A inclusão do imunizante na Rede de Imunobiológicos Especiais do SUS representa um avanço significativo na atenção à saúde neonatal e na prevenção de formas graves da bronquiolite, especialmente entre recém-nascidos prematuros.

Antes do início da vacinação, a Secretaria de Estado de Saúde (SES) realizou um levantamento técnico sobre o número de partos prematuros e a capacidade de atendimento das maternidades em todo o Estado. Com base nesses dados, as doses foram distribuídas de acordo com a média mensal de nascimentos de cada unidade.

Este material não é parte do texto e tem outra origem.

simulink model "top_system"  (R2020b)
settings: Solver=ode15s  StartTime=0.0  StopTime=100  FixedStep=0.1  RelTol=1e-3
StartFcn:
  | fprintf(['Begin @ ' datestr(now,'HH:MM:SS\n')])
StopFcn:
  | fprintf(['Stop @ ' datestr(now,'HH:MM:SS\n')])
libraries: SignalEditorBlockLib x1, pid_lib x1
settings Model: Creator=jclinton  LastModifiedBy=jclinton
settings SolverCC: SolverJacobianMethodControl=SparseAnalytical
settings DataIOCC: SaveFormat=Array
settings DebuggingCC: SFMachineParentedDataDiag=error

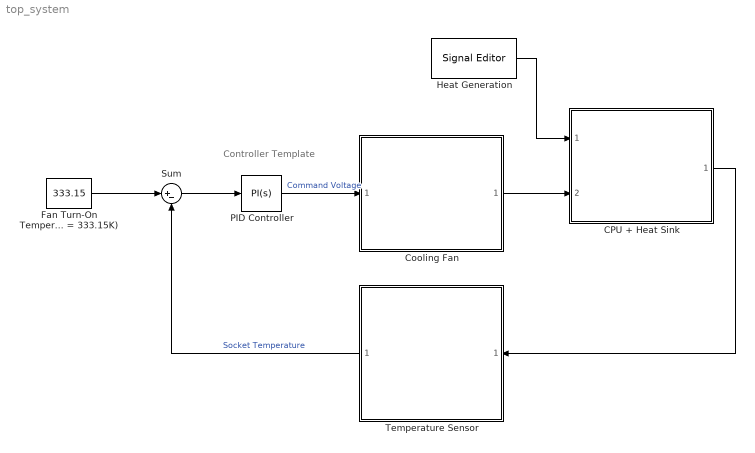
== system top_system ==
  note: Controller Template
  CPU + Heat Sink : Subsystem  ReferencedSubsystem=heat_sink  fidelityPARAM=Reduced Order Model  freqPARAM=[-Inf 20]  kPARAM=64
  Cooling Fan : Subsystem  ReferencedSubsystem=fan
  Fan Turn-On Temperature (60.0C = 333.15K) : Constant  Value=333.15
  Heat Generation : SignalEditorBlockLib/Signal Editor  FileName=HeatInput.mat  ActiveScenario=Scenario1  ActiveSignal=step20  IsBus=off  OutputBusObjectStr=Bus: BusObject  SampleTime=0  Interpolate=off  ZeroCross=off  OutputAfterFinalValue=Setting to zero  Unit=inherit  PreserveSignalName=on
  PID Controller : pid_lib/PID Controller  Controller=PI  Form=Parallel  TimeDomain=Continuous-time  UseExternalTs=off  SampleTime=-1  IntegratorMethod=Forward Euler  FilterMethod=Forward Euler  ControllerParametersSource=internal  P=-2  I=-0.1  D=0.5  UseFilter=on  N=100  TunerSelectOption=Transfer Function Based (PID Tuner App)  InitialConditionSource=internal  InitialConditionForIntegrator=0  InitialConditionForFilter=0  DifferentiatorICPrevScaledInput=0  ExternalReset=none  TrackingMode=off  Kt=1  LimitOutput=on  SatLimitsSource=internal  UpperSaturationLimit=12  LowerSaturationLimit=0  LinearizeAsGain=off  AntiWindupMode=clamping  Kb=1  POutMin=[]  POutMax=[]  IOutMin=[]  IOutMax=[]  DOutMin=[]  DOutMax=[]  NOutMin=[]  NOutMax=[]  SumOutMin=[]  SumOutMax=[]  SaturationOutMin=[]  SaturationOutMax=[]  PParamMin=[]  PParamMax=[]  IParamMin=[]  IParamMax=[]  DParamMin=[]  DParamMax=[]  NParamMin=[]  NParamMax=[]  KbParamMin=[]  KbParamMax=[]  KtParamMin=[]  KtParamMax=[]  KbOutMin=[]  KbOutMax=[]  KtOutMin=[]  KtOutMax=[]  IntegratorOutMin=[]  IntegratorOutMax=[]  FilterOutMin=[]  FilterOutMax=[]  SumI1OutMin=[]  SumI1OutMax=[]  SumI2OutMin=[]  SumI2OutMax=[]  SumI3OutMin=[]  SumI3OutMax=[]  SumI4OutMin=[]  SumI4OutMax=[]  SumDOutMin=[]  SumDOutMax=[]  DifferentiatorOutMin=[]  DifferentiatorOutMax=[]  FilterDiffOutCoefMin=[]  FilterDiffOutCoefMax=[]  ReciprocalOutMin=[]  ReciprocalOutMax=[]  SumDenOutMin=[]  SumDenOutMax=[]  SumNumOutMin=[]  SumNumOutMax=[]  DivideOutMin=[]  DivideOutMax=[]  UdiffTsProdOutMin=[]  UdiffTsProdOutMax=[]  NTsProdOutMin=[]  NTsProdOutMax=[]  UintegralTsProdOutMin=[]  UintegralTsProdOutMax=[]  UngainTsProdOutMin=[]  UngainTsProdOutMax=[]  IntegratorContinuousStateAttributes=''  IntegratorStateMustResolveToSignalObject=off  IntegratorRTWStateStorageClass=Auto  FilterContinuousStateAttributes=''  FilterStateMustResolveToSignalObject=off  FilterRTWStateStorageClass=Auto  ParallelPVariant=InternalParameters  IdealPVariant=Disabled  IVariant=InternalParameters  DVariant=Disabled  IntegratorVariant=Continuous  SatVariant=Enabled  AWVariant=ContClampingParallel  PCopyVariant=Disabled  TRVariant=Disabled  FdbkBlocksVariant=Forward  IdealPFdbkVariant=Disabled  SatFdbkVariant=Disabled  DerivativeFilterVariant=Disabled  NVariant=Disabled  NCopyVariant=Disabled_SignalSpec  FilterICVariant=Disabled  IntegratorICVariant=InternalICs  ExternalResetVariant=Disabled  TRSumVariant=Passthrough  SumFdbkVariant=Disabled  SumVariant=Sum_PI  TsampFilterVariant=InternalTs  TsampNgainVariant=Passthrough  TsampIntegralVariant=Passthrough  ExternalSaturationOutDataTypeStr=Inherit: Same as second input
  Sum : Sum  Inputs=|+-
  Temperature Sensor : Subsystem  ReferencedSubsystem=sensor
  wires:
  Sum/1 -> PID Controller/1
  Fan Turn-On Temperature (60.0C = 333.15K)/1 -> Sum/1
  PID Controller/1 -> Cooling Fan/1  "Command Voltage"
  Cooling Fan/1 -> CPU + Heat Sink/2
  CPU + Heat Sink/1 -> Temperature Sensor/1
  Temperature Sensor/1 -> Sum/2  "Socket Temperature"
  Heat Generation/1 -> CPU + Heat Sink/1

Nos demais municípios, o acesso ao imunizante será organizado por meio do sistema E-Crie, plataforma digital da SES responsável pela solicitação e distribuição de imunobiológicos especiais aos 79 municípios sul-mato-grossenses.

Em Campo Grande, as famílias devem entrar em contato previamente com a Sesau pelo telefone (67) 99875-3662 para receber orientações e realizar o agendamento. Após o contato, a aplicação ocorre nas Unidades Básicas de Saúde dos bairros Alves Pereira, Marabá, Jardim Presidente e Cristo Redentor. Já as maternidades Santa Casa, Hospital Universitário, Hospital Regional e Cândido Mariano realizam a aplicação apenas em bebês que estejam internados.